Duchenne is caused by frameshift mutation leading to absent dystrophin with early severe disease while Becker is due to non frameshift mutation with partially functional dystrophin and milder later onset disease.
❓ What is facioscapulohumeral dystrophy?
Facioscapulohumeral dystrophy is an autosomal dominant disorder characterized by facial weakness scapular winging and asymmetric muscle involvement due to D4Z4 deletion on chromosome 4.
❓ What is limb girdle muscular dystrophy?
Limb girdle muscular dystrophy is a group of genetic disorders causing progressive weakness of shoulder and pelvic girdle muscles with variable inheritance patterns and no significant facial involvement.
❓ What is myotonic dystrophy type 1?
Myotonic dystrophy type 1 is an autosomal dominant disorder caused by CTG repeat expansion in DMPK gene leading to myotonia distal weakness cataracts cardiac conduction defects and endocrine abnormalities.
❓ What is myotonia and how is it clinically identified?
Myotonia is delayed muscle relaxation after contraction clinically seen as difficulty releasing grip or percussion myotonia and confirmed by myotonic discharges on EMG.
❓ What is Gowers sign and in which condition is it seen?
Gowers sign is the use of hands to climb up the thighs while rising from the floor indicating proximal muscle weakness and is classically seen in Duchenne muscular dystrophy.
❓ How are neuromuscular disorders diagnosed in children?
Diagnosis involves clinical examination serum CK levels genetic testing EMG studies and sometimes muscle biopsy depending on the suspected condition.
❓ Why is CK elevated in muscular dystrophies?
Creatine kinase is elevated due to muscle fiber breakdown and leakage of intracellular enzymes into the bloodstream.
❓ What are the complications of Duchenne muscular dystrophy?
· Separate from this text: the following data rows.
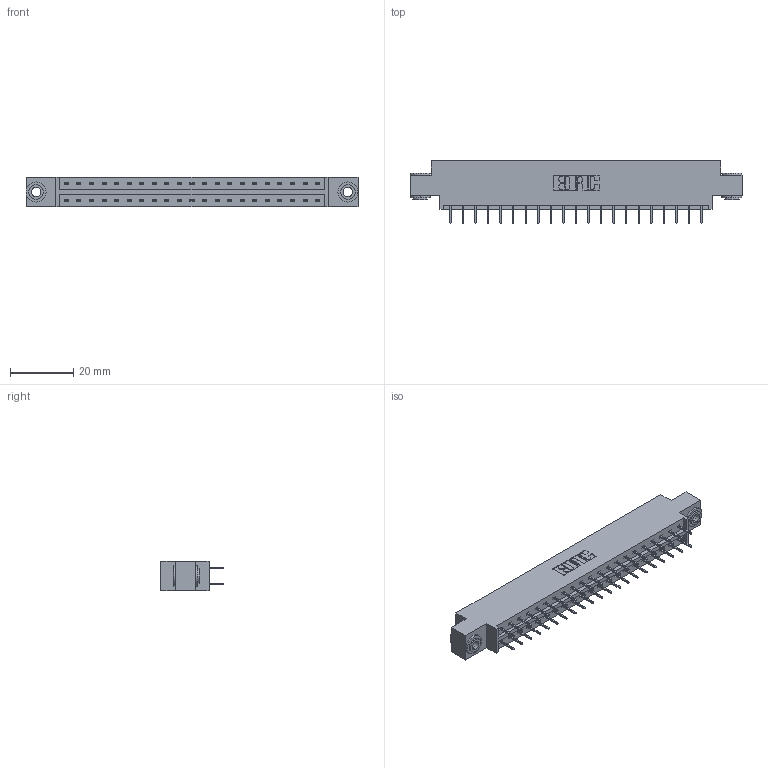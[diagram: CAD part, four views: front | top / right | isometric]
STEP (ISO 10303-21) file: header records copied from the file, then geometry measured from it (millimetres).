
FILE_DESCRIPTION (( 'STEP AP203' ), '1' );
FILE_NAME ('333-042-524-803.STEP', '2018-08-03T18:46:34', ( '' ), ( '' ), 'SwSTEP 2.0', 'SolidWorks 2016', '' );
FILE_SCHEMA (( 'CONFIG_CONTROL_DESIGN' ));
Length unit declared in the file: inch
Products named in the file (4): 345-292-001_345-293-124; 345-250-002_345-250-002-102; 333-042-524-803; 333 Part_Offset - .156 Dia - TH
Assembly tree (45 placements, depth 2):
  333-042-524-803
    333 Part_Offset - .156 Dia - TH
    345-292-001_345-293-124  x42
    345-250-002_345-250-002-102  x2
Bounding box: 104.75 x 19.69 x 9.4 mm (x, y, z)
Volume: 10226 mm3; surface area: 12115 mm2
Topology: 45 solids, 45 shells, 2508 faces, 7077 edges, 4546 vertices
Faces by surface type: plane 1848, cylinder 652, cone 8
Entity records: 17082 total; most frequent: CARTESIAN_POINT 2833, ORIENTED_EDGE 2762, DIRECTION 2491, EDGE_CURVE 1381, VECTOR 1233, LINE 1233, VERTEX_POINT 914, AXIS2_PLACEMENT_3D 629

Complications include cardiomyopathy respiratory failure scoliosis and loss of ambulation typically by early adolescence.
❓ What is the role of steroids in Duchenne muscular dystrophy?
Steroids such as prednisolone and deflazacort help delay disease progression preserve muscle strength and prolong ambulation.
❓ What are disease modifying treatments for spinal muscular atrophy?
Treatments include nusinersen which modifies SMN2 splicing risdiplam and gene therapy with onasemnogene abeparvovec to increase SMN protein production.
❓ What is anticipation in myotonic dystrophy?
Anticipation refers to increasing severity and earlier onset of disease in successive generations due to expansion of CTG repeats.
❓ How does facioscapulohumeral dystrophy differ from limb girdle dystrophy?
FSHD involves facial and scapular muscles with asymmetry whereas limb girdle dystrophy primarily affects proximal limb muscles without facial involvement.
❓ What causes respiratory failure in neuromuscular disorders?
Respiratory failure occurs due to weakness of respiratory muscles leading to hypoventilation and reduced cough effectiveness.
❓ What is the importance of genetic testing in neuromuscular disorders?
Genetic testing confirms diagnosis identifies mutation type guides prognosis and enables genetic counseling for families.
❓ What are key red flags for neuromuscular disorders in children?
Red flags include delayed motor milestones hypotonia progressive weakness loss of previously acquired skills calf hypertrophy and family history of similar illness.